王惠贞瞪着妹妹:“是不是你也不想念书了?”
云彩点头:“我不想念书了,我要回来做事。”
王惠贞抹云泪水,怒视着云彩:“你们这是怎么了?你们俩是不是商量好了存心要气我是吗?”
云彩直视着她说:“是的,我们是商量好了。可是姐,我们不是要气你的,我们是要回来帮你,我们长大了,都能干活了。再说,我一个姑娘家,读那么多书有什么用?不可能象林玉芳那样云昆明念师范,那不是我们念得起的,我和云忠商量好了,我们俩回来,我们三个人做事,供云诚云贤他们俩念书,他们俩比我们俩聪明,以后一定能有大出息的。”
母亲拉过云彩说:“你们都是好孩子,惠贞啊,云彩说的有道理,我这身子,帮不了你多少,你一个人做全家的活,迟早会累倒的,你要累倒了,弟妹们还能指望谁呢?就让他们俩回来帮你吧。”
王惠贞无话可说了。
母女三人下楼来,王惠贞把云忠、云诚、云贤叫到堂屋里来。
她一下跪在母亲跟前:“妈,你一定要答应,无论如何一定要让云诚和云贤两个弟弟上学,能上到哪里就到哪里,一定要让他俩成才。”
母亲忙把她拉起,说:“你别这样,妈答应你,妈答应你。”
王惠贞又一边牵一个弟弟跪在爹爹的灵牌前。
“爹爹,女儿王惠贞对您发誓,我一定尽心尽力供两个弟弟读书,让他们成才,帮他们成家。我要让我们王家不被人小瞧,要成为说得起话,直得起腰的一家。”
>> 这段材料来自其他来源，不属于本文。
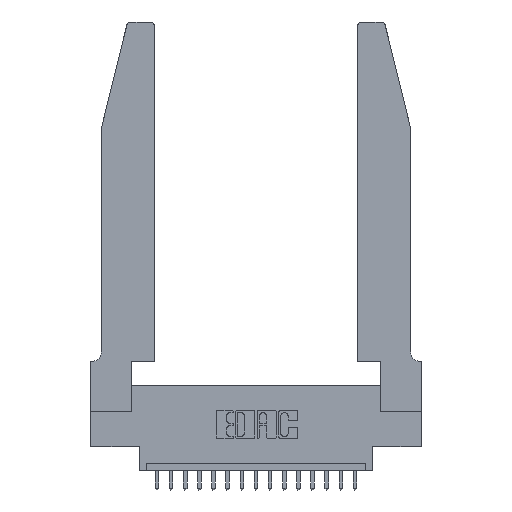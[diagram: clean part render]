
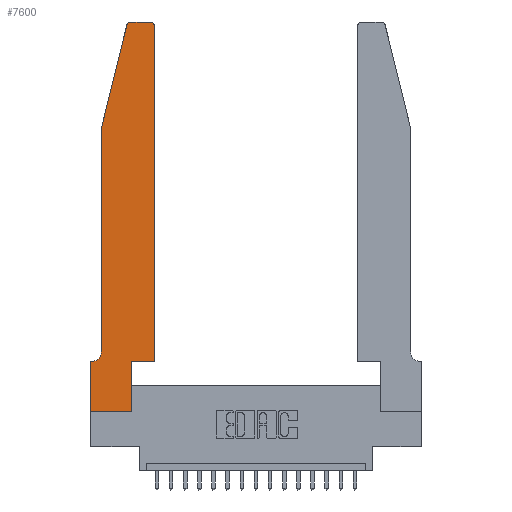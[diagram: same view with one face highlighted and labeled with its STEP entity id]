
A CAD part, top view. The second image highlights one B-rep face of the part: STEP entity #7600.
In plain terms, the highlighted planar face has unit normal (0, 0, 1).
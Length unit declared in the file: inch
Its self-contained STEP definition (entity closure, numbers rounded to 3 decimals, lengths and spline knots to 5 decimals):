
#116 = VECTOR ( 'NONE', #15611, 39.37008 ) ;
#136 = LINE ( 'NONE', #8082, #7338 ) ;
#611 = LINE ( 'NONE', #15677, #116 ) ;
#948 = CARTESIAN_POINT ( 'NONE',  ( 0.2865, 0., 0.37 ) ) ;
#957 = VECTOR ( 'NONE', #10759, 39.37008 ) ;
#981 = VERTEX_POINT ( 'NONE', #10108 ) ;
#1104 = EDGE_CURVE ( 'NONE', #981, #15567, #1878, .T. ) ;
#1125 = AXIS2_PLACEMENT_3D ( 'NONE', #13607, #17983, #7348 ) ;
#1411 = AXIS2_PLACEMENT_3D ( 'NONE', #5640, #4009, #3942 ) ;
#1552 = FACE_OUTER_BOUND ( 'NONE', #19493, .T. ) ;
#1878 = LINE ( 'NONE', #2637, #3803 ) ;
#2363 = VERTEX_POINT ( 'NONE', #5338 ) ;
#2399 = ORIENTED_EDGE ( 'NONE', *, *, #19187, .T. ) ;
#2637 = CARTESIAN_POINT ( 'NONE',  ( 0., 0., 0.37 ) ) ;
#3046 = CARTESIAN_POINT ( 'NONE',  ( 0.0755, 2., 0.37 ) ) ;
#3269 = ORIENTED_EDGE ( 'NONE', *, *, #17650, .T. ) ;
#3285 = DIRECTION ( 'NONE',  ( 0., 1., 0. ) ) ;
#3511 = EDGE_CURVE ( 'NONE', #9169, #12621, #136, .T. ) ;
#3642 = EDGE_CURVE ( 'NONE', #11098, #8048, #17641, .T. ) ;
#3675 = PLANE ( 'NONE',  #1411 ) ;
#3803 = VECTOR ( 'NONE', #13418, 39.37008 ) ;
#3910 = CIRCLE ( 'NONE', #12472, 0.03 ) ;
#3931 = LINE ( 'NONE', #8557, #5632 ) ;
#3942 = DIRECTION ( 'NONE',  ( 1., 0., 0. ) ) ;
#3988 = ORIENTED_EDGE ( 'NONE', *, *, #3511, .T. ) ;
#4009 = DIRECTION ( 'NONE',  ( 0., 0., 1. ) ) ;
#4374 = ORIENTED_EDGE ( 'NONE', *, *, #9426, .T. ) ;
#4677 = CIRCLE ( 'NONE', #1125, 0.07 ) ;
#4775 = CARTESIAN_POINT ( 'NONE',  ( 0.0055, 0.35, 0.37 ) ) ;
#4916 = LINE ( 'NONE', #13342, #14757 ) ;
#5066 = EDGE_CURVE ( 'NONE', #5737, #2363, #5532, .T. ) ;
#5338 = CARTESIAN_POINT ( 'NONE',  ( 0.2865, 0.35, 0.37 ) ) ;
#5532 = LINE ( 'NONE', #13502, #957 ) ;
#5558 = VERTEX_POINT ( 'NONE', #8713 ) ;
#5632 = VECTOR ( 'NONE', #11871, 39.37008 ) ;
#5640 = CARTESIAN_POINT ( 'NONE',  ( 0., 0.35, 0.37 ) ) ;
#5737 = VERTEX_POINT ( 'NONE', #948 ) ;
#5845 = CARTESIAN_POINT ( 'NONE',  ( 0.284, 2.75, 0.37 ) ) ;
#6380 = DIRECTION ( 'NONE',  ( 0., 0., 1. ) ) ;
#6886 = VERTEX_POINT ( 'NONE', #4775 ) ;
#7254 = LINE ( 'NONE', #9401, #10138 ) ;
#7338 = VECTOR ( 'NONE', #3285, 39.37008 ) ;
#7348 = DIRECTION ( 'NONE',  ( -1., 0., 0. ) ) ;
#7547 = EDGE_CURVE ( 'NONE', #5558, #13804, #4916, .T. ) ;
#7600 = ADVANCED_FACE ( 'NONE', ( #1552 ), #3675, .T. ) ;
#7667 = DIRECTION ( 'NONE',  ( 0., -1., 0. ) ) ;
#7948 = DIRECTION ( 'NONE',  ( 0., 0., 1. ) ) ;
#8015 = ORIENTED_EDGE ( 'NONE', *, *, #12909, .T. ) ;
#8048 = VERTEX_POINT ( 'NONE', #8124 ) ;
#8082 = CARTESIAN_POINT ( 'NONE',  ( 0.4505, 0.35, 0.37 ) ) ;
#8124 = CARTESIAN_POINT ( 'NONE',  ( 0.0755, 0.42, 0.37 ) ) ;
#8338 = LINE ( 'NONE', #15773, #13333 ) ;
#8557 = CARTESIAN_POINT ( 'NONE',  ( 0.0755, 2., 0.37 ) ) ;
#8642 = ORIENTED_EDGE ( 'NONE', *, *, #7547, .T. ) ;
#8713 = CARTESIAN_POINT ( 'NONE',  ( 0.4205, 2.75, 0.37 ) ) ;
#8738 = CARTESIAN_POINT ( 'NONE',  ( 0., 0., 0.37 ) ) ;
#9169 = VERTEX_POINT ( 'NONE', #17465 ) ;
#9401 = CARTESIAN_POINT ( 'NONE',  ( 0., 0., 0.37 ) ) ;
#9426 = EDGE_CURVE ( 'NONE', #13804, #13417, #10603, .T. ) ;
#9427 = EDGE_CURVE ( 'NONE', #12621, #5558, #3910, .T. ) ;
#9459 = DIRECTION ( 'NONE',  ( 1., 0., 0. ) ) ;
#9491 = VECTOR ( 'NONE', #7667, 39.37008 ) ;
#10108 = CARTESIAN_POINT ( 'NONE',  ( 0., 0.35, 0.37 ) ) ;
#10138 = VECTOR ( 'NONE', #9459, 39.37008 ) ;
#10603 = CIRCLE ( 'NONE', #11462, 0.03 ) ;
#10759 = DIRECTION ( 'NONE',  ( 0., 1., 0. ) ) ;
#11098 = VERTEX_POINT ( 'NONE', #3046 ) ;
#11462 = AXIS2_PLACEMENT_3D ( 'NONE', #15686, #7948, #13998 ) ;
#11647 = CARTESIAN_POINT ( 'NONE',  ( 0.25487, 2.72718, 0.37 ) ) ;
#11691 = CARTESIAN_POINT ( 'NONE',  ( 0.4505, 2.72, 0.37 ) ) ;
#11871 = DIRECTION ( 'NONE',  ( -0.239, -0.971, 0. ) ) ;
#12059 = EDGE_CURVE ( 'NONE', #13417, #11098, #3931, .T. ) ;
#12472 = AXIS2_PLACEMENT_3D ( 'NONE', #18633, #6380, #17095 ) ;
#12621 = VERTEX_POINT ( 'NONE', #11691 ) ;
#12909 = EDGE_CURVE ( 'NONE', #15567, #5737, #7254, .T. ) ;
#13012 = ORIENTED_EDGE ( 'NONE', *, *, #1104, .T. ) ;
#13255 = ORIENTED_EDGE ( 'NONE', *, *, #16758, .T. ) ;
#13333 = VECTOR ( 'NONE', #14150, 39.37008 ) ;
#13342 = CARTESIAN_POINT ( 'NONE',  ( 0.2605, 2.75, 0.37 ) ) ;
#13417 = VERTEX_POINT ( 'NONE', #11647 ) ;
#13418 = DIRECTION ( 'NONE',  ( 0., -1., 0. ) ) ;
#13502 = CARTESIAN_POINT ( 'NONE',  ( 0.2865, 0.35, 0.37 ) ) ;
#13607 = CARTESIAN_POINT ( 'NONE',  ( 0.0055, 0.42, 0.37 ) ) ;
#13804 = VERTEX_POINT ( 'NONE', #5845 ) ;
#13998 = DIRECTION ( 'NONE',  ( 1., 0., 0. ) ) ;
#14063 = ORIENTED_EDGE ( 'NONE', *, *, #12059, .T. ) ;
#14150 = DIRECTION ( 'NONE',  ( 1., 0., 0. ) ) ;
#14757 = VECTOR ( 'NONE', #19573, 39.37008 ) ;
#15041 = ORIENTED_EDGE ( 'NONE', *, *, #3642, .T. ) ;
#15567 = VERTEX_POINT ( 'NONE', #8738 ) ;
#15611 = DIRECTION ( 'NONE',  ( -1., 0., 0. ) ) ;
#15677 = CARTESIAN_POINT ( 'NONE',  ( 0.0755, 0.35, 0.37 ) ) ;
#15686 = CARTESIAN_POINT ( 'NONE',  ( 0.284, 2.72, 0.37 ) ) ;
#15773 = CARTESIAN_POINT ( 'NONE',  ( 0.4505, 0.35, 0.37 ) ) ;
#16758 = EDGE_CURVE ( 'NONE', #8048, #6886, #4677, .T. ) ;
#16821 = CARTESIAN_POINT ( 'NONE',  ( 0.0755, 2., 0.37 ) ) ;
#17095 = DIRECTION ( 'NONE',  ( 1., 0., 0. ) ) ;
#17465 = CARTESIAN_POINT ( 'NONE',  ( 0.4505, 0.35, 0.37 ) ) ;
#17641 = LINE ( 'NONE', #16821, #9491 ) ;
#17650 = EDGE_CURVE ( 'NONE', #2363, #9169, #8338, .T. ) ;
#17761 = ORIENTED_EDGE ( 'NONE', *, *, #9427, .T. ) ;
#17983 = DIRECTION ( 'NONE',  ( 0., 0., -1. ) ) ;
#18012 = ORIENTED_EDGE ( 'NONE', *, *, #5066, .T. ) ;
#18633 = CARTESIAN_POINT ( 'NONE',  ( 0.4205, 2.72, 0.37 ) ) ;
#19187 = EDGE_CURVE ( 'NONE', #6886, #981, #611, .T. ) ;
#19493 = EDGE_LOOP ( 'NONE', ( #8642, #4374, #14063, #15041, #13255, #2399, #13012, #8015, #18012, #3269, #3988, #17761 ) ) ;
#19573 = DIRECTION ( 'NONE',  ( -1., 0., 0. ) ) ;

王惠贞重重地叩了三个响头,她用从牙齿里咬出来的语词,用额头冒着血珠的血印,用她磐石般的意志对着天上的爹发誓。
“你们两个也要给爹爹发誓。”王惠贞对两个弟弟说。
“我发誓一定好好读书,出人头地,孝敬妈妈,孝敬哥哥姐姐。”云诚说完,郑重地叩了三个响头。
“我要念书,我要当大官,挣大钱。”六岁的云贤跟着说,也叩了三个响头。
秋天在金黄的稻谷弯腰的恳请中来到了金谷坝,天气不等人,家家都要趁着晴天收割,所以不好请人帮忙,只能各家收各家的。
今年有两个弟妹一起干,王惠贞感到比去年轻松了不少,姐弟三人早早地起床,披着星光便把办谷子的办桶背到了田里,王惠贞和云彩割,云忠甩开膀子办。
十多天的辛苦劳动,三人终于把二十多亩田的谷子收完,有十多亩田是租来的,除了交租子,其余的就是自家的。
晾晒干了的稻谷把家里的几个大粮囤装满了,看着囤里金黄饱满的谷子,王惠贞知道这是自己落到田里的汗珠结出的果实。
此刻,看着这满囤的果实,她过去所有的辛劳所有的疲乏都倾刻间烟消云散,她看到的是金色的希望。
她捧着沉甸甸的谷子,让它们从指间滑落,她把它们抓在手里,使劲地捏,听它们“咕咕咕”地歌唱。
“呀——”在谷子们欢叫的同时,她也跟着它们欢快地叫了一声,弟妹们看着她的样子,也跟着她捏谷子,跟着她欢笑。
后来,云诚和云贤竟然翻到谷囤里边,抓起谷子打起仗来。
看着儿女们的欢乐样,母亲也在旁边笑弯了腰。
稻子刚收完不久,王惠贞突然听到了个让她震惊的消息,刘玉叶的丈夫上山采药时,不小心摔下悬崖,摔死了。
她一听到消息,赶紧去河西村刘玉叶家,刘玉叶早成了泪人儿。